May

19

 Wealth Creation by Bartley Madden provides a systematic way of looking at the performance of individual stocks. He believes that values are determined by 4 things. The return on past capital, the growth of assets, the rate of drift from innovation versus competiton, and the stock price itself. He gives examples of how to apply these measures to Apple, Bethlehem Steel, Digital Equipment, Eastman Kodak, IBM, Kmart, Nucor, Medtronic, Walgreen, Donaldson Company. He believes that lean management is one of the keys to success and contrasts Toyota with Bethlehem as examples of the best in lean versus the worst. In 1950, 7 of the top 10 highest paid executives in America worked for Bethlehem. The vice presidents had office windows in two directions. Union rules made them uncompetitive.

He applied these methods at a Hold affiliate which was bought by Credit Suisse. His methods are apparently widely used by many institutions as well as by Credit Suisse. All his ratios which he suggests be considered I n a feedback look must be tested. The Schumpeterian drift from competition is hard to measure. As is the return on future assets. However, the ideas make a lot of sense and provide a good template for analyzing a company.

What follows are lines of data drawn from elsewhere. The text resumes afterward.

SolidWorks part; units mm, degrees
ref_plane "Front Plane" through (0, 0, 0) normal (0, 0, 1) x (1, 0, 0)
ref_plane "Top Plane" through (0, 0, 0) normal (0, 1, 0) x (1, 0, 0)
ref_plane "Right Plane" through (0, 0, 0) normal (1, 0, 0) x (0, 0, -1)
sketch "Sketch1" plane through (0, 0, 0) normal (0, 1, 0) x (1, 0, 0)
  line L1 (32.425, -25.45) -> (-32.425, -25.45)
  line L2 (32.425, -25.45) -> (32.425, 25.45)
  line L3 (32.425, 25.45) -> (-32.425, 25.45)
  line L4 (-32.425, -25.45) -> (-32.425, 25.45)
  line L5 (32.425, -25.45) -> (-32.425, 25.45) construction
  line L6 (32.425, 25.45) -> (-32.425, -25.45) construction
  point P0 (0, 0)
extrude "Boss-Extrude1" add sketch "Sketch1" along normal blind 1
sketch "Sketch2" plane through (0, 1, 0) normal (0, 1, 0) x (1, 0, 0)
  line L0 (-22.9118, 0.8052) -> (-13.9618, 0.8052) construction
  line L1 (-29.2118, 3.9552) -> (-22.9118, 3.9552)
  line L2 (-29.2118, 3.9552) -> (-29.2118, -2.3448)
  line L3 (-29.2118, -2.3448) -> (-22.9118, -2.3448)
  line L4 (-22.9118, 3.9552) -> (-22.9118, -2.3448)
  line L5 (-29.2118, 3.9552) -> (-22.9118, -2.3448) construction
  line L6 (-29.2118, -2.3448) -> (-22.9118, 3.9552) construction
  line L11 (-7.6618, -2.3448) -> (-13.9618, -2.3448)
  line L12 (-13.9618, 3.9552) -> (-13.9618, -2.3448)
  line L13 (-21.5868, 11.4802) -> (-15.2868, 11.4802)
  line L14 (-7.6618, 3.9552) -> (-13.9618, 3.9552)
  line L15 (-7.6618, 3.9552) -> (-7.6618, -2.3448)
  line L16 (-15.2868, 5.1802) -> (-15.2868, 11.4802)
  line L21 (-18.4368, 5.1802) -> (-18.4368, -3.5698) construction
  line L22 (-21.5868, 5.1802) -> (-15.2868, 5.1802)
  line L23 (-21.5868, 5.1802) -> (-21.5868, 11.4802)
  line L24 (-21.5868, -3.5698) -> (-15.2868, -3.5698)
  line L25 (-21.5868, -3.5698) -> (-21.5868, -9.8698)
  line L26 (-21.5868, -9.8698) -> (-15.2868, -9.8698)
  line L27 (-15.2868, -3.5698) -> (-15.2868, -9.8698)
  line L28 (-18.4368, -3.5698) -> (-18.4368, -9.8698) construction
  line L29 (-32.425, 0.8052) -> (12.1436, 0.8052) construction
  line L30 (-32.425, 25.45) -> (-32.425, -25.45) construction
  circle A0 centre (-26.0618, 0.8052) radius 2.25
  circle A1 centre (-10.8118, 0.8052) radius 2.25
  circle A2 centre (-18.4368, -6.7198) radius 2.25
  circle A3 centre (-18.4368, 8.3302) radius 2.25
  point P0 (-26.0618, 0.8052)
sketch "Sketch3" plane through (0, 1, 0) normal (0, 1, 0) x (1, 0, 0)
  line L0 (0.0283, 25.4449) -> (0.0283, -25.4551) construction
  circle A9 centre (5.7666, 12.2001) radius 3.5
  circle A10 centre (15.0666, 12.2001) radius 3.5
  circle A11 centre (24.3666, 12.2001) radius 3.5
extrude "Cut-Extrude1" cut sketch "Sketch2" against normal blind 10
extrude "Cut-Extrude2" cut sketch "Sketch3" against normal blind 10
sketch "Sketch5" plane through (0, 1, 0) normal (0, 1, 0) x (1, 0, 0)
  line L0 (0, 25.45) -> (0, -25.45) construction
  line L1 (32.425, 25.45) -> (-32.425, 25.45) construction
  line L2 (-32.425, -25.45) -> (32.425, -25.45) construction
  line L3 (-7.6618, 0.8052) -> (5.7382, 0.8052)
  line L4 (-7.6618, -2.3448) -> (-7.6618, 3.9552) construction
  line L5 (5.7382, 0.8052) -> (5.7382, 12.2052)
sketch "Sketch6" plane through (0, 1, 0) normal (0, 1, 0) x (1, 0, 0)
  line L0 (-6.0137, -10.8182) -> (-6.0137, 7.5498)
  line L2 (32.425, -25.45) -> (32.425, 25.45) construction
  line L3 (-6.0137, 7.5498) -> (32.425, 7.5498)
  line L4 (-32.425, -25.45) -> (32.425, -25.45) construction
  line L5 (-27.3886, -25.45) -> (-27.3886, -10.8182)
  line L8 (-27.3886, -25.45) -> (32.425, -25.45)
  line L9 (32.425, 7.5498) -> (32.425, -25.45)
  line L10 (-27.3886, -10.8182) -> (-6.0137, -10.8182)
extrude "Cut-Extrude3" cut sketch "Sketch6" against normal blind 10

He is a champion of free enterprise and the benefits that competition and innovation can bring to stockholders and consumers. There are interesting references to behavioral biases and shortcoming in the capital asset model. He recommends for example a visit to the San Francisco Museum of Science to see all the Ames exhibits on lapes in visual perception. I have followed his career for some 47 years when I first noticed him as a star at Berkeley.

Bartley Madden responds: 

As to discount rates, the key idea in the Wealth Creation book is on p.89 … "This systems mindset leads one to the conclusion that the assignment of a discount rate is dependent on the procedures used to forecast [firm's long-term] net cash receipts. This is particularly relevant to models incorporating standard ways of forecasting future fade rates based on company characteristics. In contrast, mainstream finance relies on CAPM-based calculation for the discount rate.. these discount rates are then parachuted into valuation models without regard to how users make net cash receipt forecasts.."

I am arguing that the same market-derived discount approach for bonds (yield-to-maturity) be applied to stocks. Hard part is to maintain a monitored database of forecasts of firms' future net cash receipts .. obviously easy for bonds since we know the anticipated net cash receipts (interest and principal). Long term future fade rates of economic returns (return on capital) and reinvestment rates can be assigned based on firms' observable characteristics. For example, all else equal high return companies with higher reinvestment rates fade (regress to cost of capital) faster than low growth firms.

All of this is easy for bonds and we see that all else equal, higher (lower) credit rating (based on observable characteristics) leads to lower (higher) discount rates. For stocks, high debt loads and lower liquidity tend to result in higher demanded discount rates. This approach is rarely attempted in the academic literature because it requires enormous effort to build a database suitable for this type research.